* **Task requirements**: Below are some records; output exactly the lines from the line with "h = msp.add_hatch(color=256)" to the line with "msp.add_lwpolyline(points, close=True)", both ends kept, and nothing more.

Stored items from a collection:
◆ ◆ ◆ ◆ ◆

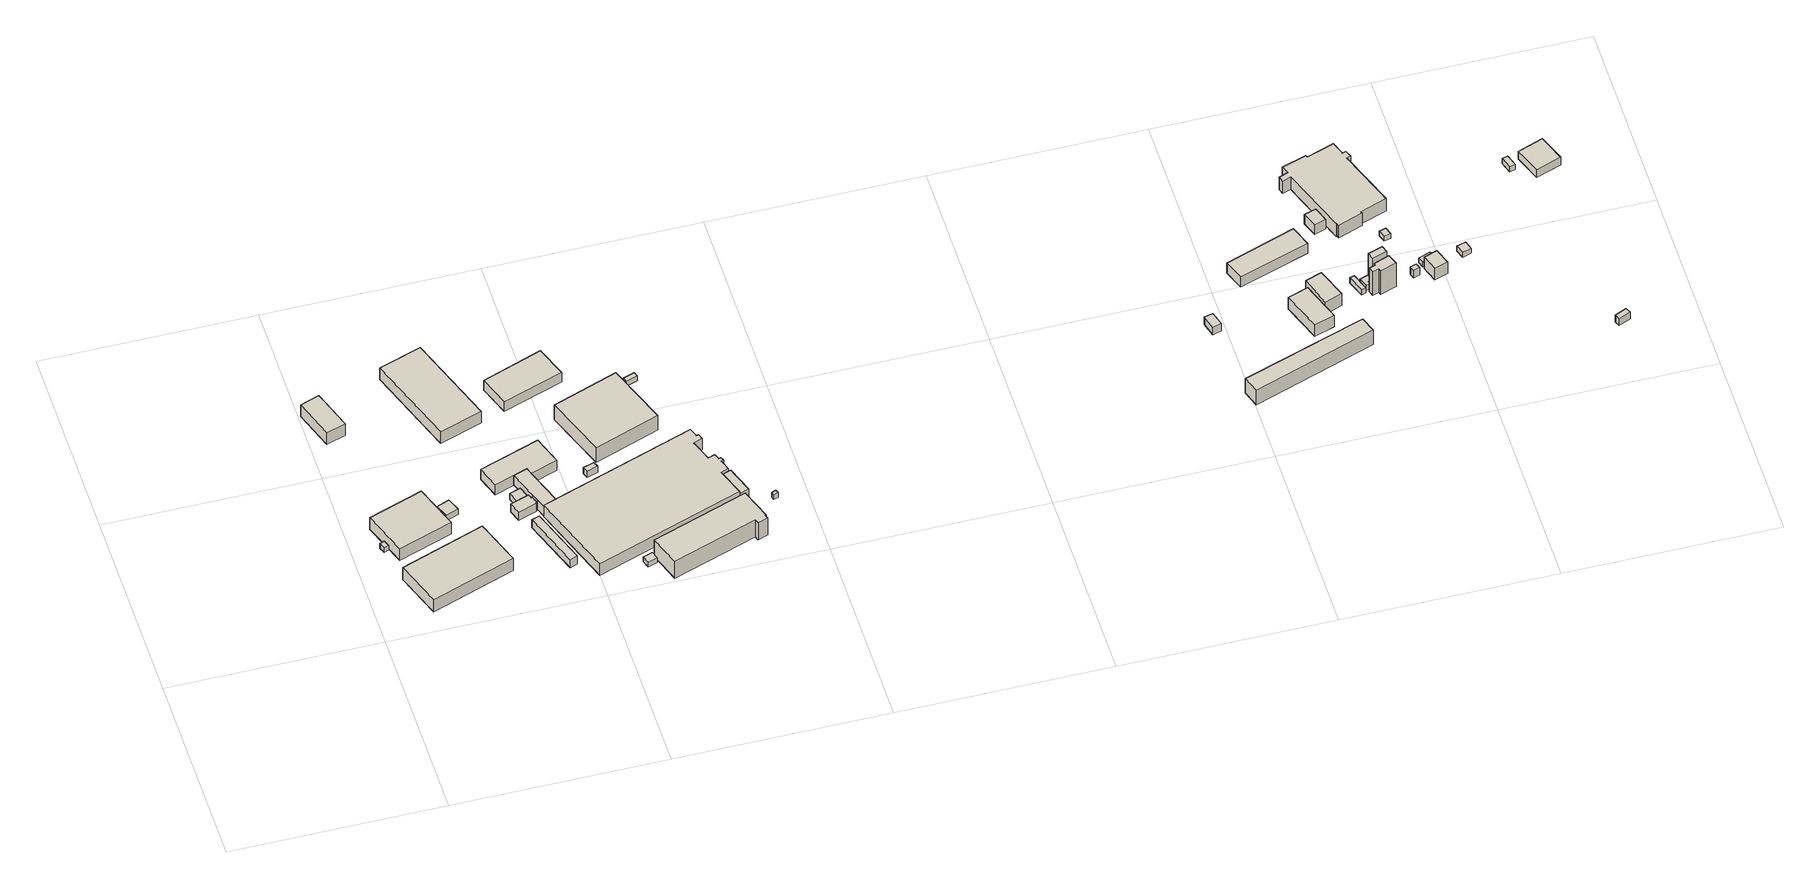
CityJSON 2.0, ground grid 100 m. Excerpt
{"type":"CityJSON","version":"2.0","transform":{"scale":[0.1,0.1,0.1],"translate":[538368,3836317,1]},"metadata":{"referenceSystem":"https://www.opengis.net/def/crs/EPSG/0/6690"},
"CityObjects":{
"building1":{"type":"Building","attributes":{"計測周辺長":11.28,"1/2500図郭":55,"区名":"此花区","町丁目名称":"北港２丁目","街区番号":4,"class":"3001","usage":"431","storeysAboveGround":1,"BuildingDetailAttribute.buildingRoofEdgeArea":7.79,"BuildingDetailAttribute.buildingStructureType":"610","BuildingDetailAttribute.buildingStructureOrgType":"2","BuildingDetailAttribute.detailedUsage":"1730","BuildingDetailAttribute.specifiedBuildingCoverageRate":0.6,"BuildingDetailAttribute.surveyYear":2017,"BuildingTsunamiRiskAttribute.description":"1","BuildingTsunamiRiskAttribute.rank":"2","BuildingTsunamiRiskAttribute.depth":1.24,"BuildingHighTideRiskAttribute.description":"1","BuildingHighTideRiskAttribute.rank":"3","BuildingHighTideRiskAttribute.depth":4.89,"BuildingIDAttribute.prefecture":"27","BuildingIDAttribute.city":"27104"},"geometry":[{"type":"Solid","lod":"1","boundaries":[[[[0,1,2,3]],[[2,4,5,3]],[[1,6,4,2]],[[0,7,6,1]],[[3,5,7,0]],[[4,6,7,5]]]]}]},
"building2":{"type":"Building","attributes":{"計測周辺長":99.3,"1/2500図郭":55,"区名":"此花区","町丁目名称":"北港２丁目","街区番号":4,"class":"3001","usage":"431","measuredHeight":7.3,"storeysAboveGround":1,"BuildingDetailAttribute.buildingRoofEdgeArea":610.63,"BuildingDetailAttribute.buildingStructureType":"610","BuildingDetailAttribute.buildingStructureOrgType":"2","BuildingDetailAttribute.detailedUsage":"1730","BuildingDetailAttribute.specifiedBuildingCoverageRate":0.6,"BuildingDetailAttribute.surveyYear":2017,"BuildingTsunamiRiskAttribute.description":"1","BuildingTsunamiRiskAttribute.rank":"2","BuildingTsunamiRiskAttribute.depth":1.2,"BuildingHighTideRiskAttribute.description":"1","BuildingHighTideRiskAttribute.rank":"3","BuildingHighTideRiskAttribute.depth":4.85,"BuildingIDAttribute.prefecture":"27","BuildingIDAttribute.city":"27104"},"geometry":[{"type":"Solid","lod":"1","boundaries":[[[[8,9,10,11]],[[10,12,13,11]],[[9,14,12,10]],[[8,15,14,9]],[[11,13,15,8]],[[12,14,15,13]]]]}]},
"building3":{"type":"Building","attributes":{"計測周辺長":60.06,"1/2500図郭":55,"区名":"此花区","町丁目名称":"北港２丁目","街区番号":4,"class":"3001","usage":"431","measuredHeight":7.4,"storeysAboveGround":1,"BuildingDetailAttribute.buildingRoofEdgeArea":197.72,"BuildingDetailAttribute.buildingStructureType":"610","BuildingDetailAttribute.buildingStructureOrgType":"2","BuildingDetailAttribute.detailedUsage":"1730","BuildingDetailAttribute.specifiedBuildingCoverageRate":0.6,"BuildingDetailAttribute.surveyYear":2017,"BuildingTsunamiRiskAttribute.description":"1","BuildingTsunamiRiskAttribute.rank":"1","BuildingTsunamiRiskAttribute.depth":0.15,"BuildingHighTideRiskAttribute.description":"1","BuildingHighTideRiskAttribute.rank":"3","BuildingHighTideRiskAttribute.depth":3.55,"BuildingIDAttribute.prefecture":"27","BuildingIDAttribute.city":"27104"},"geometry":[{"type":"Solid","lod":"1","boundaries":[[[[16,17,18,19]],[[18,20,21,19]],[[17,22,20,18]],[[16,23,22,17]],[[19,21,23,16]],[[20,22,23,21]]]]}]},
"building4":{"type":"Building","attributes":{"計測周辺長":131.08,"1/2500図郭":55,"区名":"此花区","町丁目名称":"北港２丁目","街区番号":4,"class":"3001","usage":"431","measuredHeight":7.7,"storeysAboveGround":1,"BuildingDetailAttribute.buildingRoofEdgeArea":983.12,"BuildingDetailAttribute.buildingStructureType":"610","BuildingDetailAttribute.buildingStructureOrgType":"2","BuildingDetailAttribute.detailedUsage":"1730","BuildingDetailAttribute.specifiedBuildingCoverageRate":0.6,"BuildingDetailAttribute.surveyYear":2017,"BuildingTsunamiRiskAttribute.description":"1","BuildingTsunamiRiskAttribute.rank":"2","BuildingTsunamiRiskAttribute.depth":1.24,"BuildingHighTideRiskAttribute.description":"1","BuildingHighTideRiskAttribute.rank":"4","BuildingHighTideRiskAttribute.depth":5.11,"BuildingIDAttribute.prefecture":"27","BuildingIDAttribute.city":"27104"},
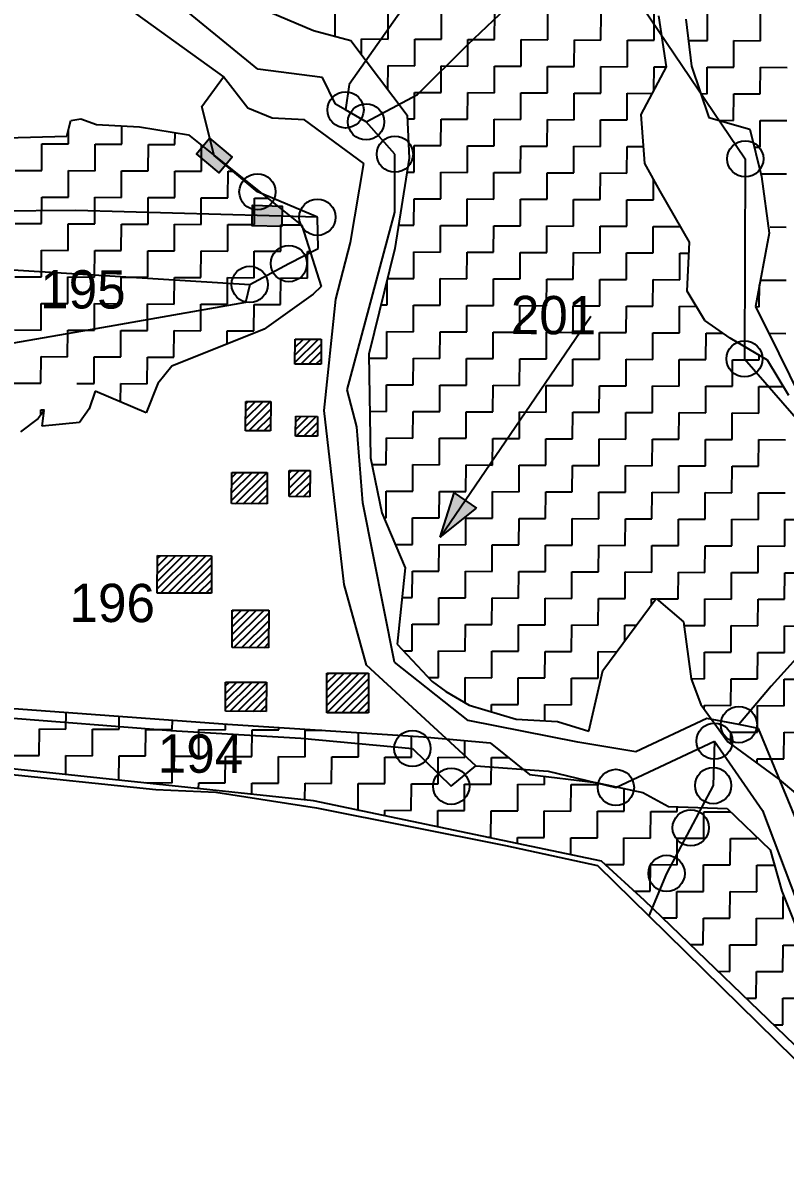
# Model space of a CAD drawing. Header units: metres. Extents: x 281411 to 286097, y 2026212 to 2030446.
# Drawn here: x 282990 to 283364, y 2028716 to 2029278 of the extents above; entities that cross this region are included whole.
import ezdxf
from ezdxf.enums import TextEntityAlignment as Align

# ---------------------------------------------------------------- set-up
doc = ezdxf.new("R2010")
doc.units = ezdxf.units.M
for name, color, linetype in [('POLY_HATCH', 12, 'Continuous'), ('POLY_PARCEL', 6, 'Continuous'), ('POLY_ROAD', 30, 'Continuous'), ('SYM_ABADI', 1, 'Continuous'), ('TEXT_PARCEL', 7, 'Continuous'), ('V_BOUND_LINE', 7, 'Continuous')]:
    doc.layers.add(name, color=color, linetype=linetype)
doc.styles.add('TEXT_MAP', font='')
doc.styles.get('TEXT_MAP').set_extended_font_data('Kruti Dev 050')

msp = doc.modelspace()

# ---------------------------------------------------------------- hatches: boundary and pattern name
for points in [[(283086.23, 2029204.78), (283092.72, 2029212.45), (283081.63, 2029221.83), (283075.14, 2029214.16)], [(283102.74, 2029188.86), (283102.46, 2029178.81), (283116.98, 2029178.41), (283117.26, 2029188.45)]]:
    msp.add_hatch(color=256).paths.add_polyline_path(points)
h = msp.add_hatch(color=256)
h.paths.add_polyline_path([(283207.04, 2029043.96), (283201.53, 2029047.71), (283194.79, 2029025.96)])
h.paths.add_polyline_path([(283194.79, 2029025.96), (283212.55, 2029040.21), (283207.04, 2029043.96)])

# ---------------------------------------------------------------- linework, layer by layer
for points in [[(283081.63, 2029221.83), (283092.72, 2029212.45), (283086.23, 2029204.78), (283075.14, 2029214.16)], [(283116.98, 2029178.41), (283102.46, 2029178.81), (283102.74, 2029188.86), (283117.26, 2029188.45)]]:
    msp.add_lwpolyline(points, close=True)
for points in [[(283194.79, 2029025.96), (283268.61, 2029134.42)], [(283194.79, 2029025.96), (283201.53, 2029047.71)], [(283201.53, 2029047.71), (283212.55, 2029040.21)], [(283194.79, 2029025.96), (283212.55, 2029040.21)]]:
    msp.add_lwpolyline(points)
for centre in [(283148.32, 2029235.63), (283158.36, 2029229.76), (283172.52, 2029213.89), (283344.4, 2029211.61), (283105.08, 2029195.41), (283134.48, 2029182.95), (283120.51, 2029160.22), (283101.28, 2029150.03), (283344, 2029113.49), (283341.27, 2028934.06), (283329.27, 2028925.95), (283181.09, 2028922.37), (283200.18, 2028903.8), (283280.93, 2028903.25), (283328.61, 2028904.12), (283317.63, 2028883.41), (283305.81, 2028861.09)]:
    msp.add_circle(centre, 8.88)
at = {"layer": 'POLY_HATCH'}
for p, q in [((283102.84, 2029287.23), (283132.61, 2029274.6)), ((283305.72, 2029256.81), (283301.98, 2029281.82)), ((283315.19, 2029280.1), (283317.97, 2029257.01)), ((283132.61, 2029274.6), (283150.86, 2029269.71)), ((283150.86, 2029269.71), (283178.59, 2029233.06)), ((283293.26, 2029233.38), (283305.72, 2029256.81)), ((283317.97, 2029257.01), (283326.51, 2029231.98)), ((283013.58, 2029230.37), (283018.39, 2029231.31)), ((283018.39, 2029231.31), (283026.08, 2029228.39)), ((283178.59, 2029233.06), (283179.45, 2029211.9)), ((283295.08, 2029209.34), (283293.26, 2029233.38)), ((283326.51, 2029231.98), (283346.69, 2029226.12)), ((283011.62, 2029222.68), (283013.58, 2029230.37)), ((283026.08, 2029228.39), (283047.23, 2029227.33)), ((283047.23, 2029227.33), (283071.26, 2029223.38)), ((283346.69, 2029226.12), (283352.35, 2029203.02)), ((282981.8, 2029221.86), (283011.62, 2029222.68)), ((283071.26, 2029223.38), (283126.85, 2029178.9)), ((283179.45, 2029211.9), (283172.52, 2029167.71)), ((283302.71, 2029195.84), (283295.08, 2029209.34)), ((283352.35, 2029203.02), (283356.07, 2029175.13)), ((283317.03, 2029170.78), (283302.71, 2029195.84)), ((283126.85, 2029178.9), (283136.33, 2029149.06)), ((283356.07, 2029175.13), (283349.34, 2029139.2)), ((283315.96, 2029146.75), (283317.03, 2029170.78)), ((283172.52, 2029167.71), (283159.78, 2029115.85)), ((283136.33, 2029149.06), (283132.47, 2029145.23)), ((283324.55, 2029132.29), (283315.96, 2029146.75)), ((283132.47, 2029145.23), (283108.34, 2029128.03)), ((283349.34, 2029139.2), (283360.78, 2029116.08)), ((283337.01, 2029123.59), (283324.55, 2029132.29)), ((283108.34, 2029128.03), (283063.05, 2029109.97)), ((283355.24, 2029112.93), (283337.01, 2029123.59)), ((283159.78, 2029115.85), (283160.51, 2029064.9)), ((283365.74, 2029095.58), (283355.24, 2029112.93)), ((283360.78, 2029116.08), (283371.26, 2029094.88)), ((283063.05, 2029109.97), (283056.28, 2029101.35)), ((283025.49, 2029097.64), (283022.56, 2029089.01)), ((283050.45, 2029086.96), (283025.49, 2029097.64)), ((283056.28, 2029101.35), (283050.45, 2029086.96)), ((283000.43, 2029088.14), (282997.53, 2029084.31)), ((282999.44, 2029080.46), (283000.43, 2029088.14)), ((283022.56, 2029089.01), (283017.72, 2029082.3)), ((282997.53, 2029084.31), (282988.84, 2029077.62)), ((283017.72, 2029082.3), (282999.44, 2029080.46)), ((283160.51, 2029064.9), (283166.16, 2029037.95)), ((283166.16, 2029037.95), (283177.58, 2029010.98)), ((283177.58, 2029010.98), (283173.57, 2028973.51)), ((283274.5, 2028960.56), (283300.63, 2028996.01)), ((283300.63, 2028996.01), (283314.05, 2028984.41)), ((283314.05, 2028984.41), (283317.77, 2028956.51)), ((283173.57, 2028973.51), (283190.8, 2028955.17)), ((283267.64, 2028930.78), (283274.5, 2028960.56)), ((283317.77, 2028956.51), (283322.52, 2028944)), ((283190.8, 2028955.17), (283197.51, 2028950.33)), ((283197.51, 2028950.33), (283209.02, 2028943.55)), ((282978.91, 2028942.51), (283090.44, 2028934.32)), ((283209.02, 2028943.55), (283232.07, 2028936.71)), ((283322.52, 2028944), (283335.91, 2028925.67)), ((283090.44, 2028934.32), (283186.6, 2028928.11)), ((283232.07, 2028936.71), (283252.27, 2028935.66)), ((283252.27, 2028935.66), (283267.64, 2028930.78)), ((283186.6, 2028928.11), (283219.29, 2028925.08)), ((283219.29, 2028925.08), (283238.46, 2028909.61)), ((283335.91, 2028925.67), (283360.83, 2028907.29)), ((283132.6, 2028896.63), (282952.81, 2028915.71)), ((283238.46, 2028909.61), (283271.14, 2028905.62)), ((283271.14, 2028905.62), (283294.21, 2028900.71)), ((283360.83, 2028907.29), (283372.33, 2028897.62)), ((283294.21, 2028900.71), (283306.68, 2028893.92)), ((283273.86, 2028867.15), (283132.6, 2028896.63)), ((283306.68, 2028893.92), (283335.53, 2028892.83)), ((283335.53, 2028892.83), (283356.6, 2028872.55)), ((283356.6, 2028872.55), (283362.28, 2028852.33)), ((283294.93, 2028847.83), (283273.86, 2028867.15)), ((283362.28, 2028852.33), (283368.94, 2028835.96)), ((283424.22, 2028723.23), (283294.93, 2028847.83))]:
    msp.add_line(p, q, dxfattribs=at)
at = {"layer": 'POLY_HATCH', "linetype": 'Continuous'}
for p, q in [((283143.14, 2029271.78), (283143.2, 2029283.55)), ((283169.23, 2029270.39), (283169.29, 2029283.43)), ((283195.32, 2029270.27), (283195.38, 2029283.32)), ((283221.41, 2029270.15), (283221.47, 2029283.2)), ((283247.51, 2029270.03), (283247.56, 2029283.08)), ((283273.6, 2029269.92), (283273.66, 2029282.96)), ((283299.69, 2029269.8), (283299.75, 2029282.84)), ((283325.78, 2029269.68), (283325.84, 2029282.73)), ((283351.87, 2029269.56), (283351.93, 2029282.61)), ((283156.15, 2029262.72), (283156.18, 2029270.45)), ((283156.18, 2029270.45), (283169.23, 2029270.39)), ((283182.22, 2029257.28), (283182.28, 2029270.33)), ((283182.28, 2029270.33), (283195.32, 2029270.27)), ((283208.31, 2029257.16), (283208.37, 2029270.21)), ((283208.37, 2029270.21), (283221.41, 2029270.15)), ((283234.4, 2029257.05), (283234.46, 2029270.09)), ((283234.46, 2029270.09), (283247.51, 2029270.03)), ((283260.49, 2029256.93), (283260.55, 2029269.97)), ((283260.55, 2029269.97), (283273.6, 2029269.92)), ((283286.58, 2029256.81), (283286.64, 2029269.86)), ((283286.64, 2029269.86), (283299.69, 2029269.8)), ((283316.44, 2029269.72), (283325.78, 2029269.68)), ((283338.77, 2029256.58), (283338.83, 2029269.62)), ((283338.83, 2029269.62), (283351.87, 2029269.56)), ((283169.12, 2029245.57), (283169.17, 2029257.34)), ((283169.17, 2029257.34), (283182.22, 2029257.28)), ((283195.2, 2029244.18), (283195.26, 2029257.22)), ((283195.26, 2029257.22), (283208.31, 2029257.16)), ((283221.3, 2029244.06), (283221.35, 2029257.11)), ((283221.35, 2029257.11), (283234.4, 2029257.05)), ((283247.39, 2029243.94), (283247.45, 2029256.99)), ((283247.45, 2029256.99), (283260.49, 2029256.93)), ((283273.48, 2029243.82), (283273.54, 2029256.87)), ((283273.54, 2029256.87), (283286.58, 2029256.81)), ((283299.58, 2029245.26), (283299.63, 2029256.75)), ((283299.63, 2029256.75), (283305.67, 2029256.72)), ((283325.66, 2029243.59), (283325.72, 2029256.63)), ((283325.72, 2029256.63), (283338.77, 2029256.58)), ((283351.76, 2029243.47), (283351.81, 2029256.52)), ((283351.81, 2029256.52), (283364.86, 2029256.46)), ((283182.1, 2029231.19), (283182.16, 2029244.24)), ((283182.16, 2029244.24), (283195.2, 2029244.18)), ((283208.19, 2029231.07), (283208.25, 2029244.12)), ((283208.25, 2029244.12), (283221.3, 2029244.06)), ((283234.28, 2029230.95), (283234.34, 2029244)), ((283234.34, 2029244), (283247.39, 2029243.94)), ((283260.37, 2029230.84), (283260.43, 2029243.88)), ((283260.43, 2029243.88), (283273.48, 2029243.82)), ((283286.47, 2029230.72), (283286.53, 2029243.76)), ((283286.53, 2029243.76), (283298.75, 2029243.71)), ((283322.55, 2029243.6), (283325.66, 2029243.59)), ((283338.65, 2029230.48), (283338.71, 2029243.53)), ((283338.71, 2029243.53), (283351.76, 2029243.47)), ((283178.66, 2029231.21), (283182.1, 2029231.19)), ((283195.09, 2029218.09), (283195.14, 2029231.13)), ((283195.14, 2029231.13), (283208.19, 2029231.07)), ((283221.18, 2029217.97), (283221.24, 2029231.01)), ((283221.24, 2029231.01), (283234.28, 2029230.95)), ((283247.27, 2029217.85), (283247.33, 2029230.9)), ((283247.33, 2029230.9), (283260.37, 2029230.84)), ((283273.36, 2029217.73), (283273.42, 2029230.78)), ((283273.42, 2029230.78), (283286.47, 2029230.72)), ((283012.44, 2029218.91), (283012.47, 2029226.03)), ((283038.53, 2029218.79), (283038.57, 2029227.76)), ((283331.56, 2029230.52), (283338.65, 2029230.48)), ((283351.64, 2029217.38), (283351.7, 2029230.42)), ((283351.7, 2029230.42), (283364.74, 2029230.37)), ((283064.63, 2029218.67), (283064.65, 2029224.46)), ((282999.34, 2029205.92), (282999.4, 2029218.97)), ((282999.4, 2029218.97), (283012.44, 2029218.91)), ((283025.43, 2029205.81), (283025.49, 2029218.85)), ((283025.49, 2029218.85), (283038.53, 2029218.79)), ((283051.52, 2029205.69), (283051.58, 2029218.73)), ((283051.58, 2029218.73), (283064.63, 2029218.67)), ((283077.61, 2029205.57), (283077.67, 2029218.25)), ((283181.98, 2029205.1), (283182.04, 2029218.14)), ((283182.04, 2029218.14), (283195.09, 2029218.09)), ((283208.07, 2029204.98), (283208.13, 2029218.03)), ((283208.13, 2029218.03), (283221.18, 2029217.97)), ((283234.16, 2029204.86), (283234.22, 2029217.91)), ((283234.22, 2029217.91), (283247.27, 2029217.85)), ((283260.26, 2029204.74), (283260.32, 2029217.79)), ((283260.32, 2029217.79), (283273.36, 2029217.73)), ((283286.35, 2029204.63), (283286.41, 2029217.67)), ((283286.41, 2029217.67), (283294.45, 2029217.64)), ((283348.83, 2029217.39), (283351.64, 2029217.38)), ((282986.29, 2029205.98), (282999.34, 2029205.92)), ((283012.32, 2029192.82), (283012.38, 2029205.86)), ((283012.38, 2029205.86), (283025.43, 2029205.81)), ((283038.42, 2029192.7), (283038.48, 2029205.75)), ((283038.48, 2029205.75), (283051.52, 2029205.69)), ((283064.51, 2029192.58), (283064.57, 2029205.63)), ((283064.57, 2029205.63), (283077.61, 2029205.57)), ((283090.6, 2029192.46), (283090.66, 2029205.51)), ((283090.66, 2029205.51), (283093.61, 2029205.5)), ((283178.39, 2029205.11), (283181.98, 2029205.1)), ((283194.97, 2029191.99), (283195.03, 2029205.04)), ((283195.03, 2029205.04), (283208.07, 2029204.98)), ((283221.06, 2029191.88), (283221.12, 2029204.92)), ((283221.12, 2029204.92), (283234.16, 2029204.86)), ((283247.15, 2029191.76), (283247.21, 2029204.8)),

◆ ◆ ◆ ◆ ◆

* **Output**:
h = msp.add_hatch(color=256)
h.paths.add_polyline_path([(283207.04, 2029043.96), (283201.53, 2029047.71), (283194.79, 2029025.96)])
h.paths.add_polyline_path([(283194.79, 2029025.96), (283212.55, 2029040.21), (283207.04, 2029043.96)])

# ---------------------------------------------------------------- linework, layer by layer
for points in [[(283081.63, 2029221.83), (283092.72, 2029212.45), (283086.23, 2029204.78), (283075.14, 2029214.16)], [(283116.98, 2029178.41), (283102.46, 2029178.81), (283102.74, 2029188.86), (283117.26, 2029188.45)]]:
    msp.add_lwpolyline(points, close=True)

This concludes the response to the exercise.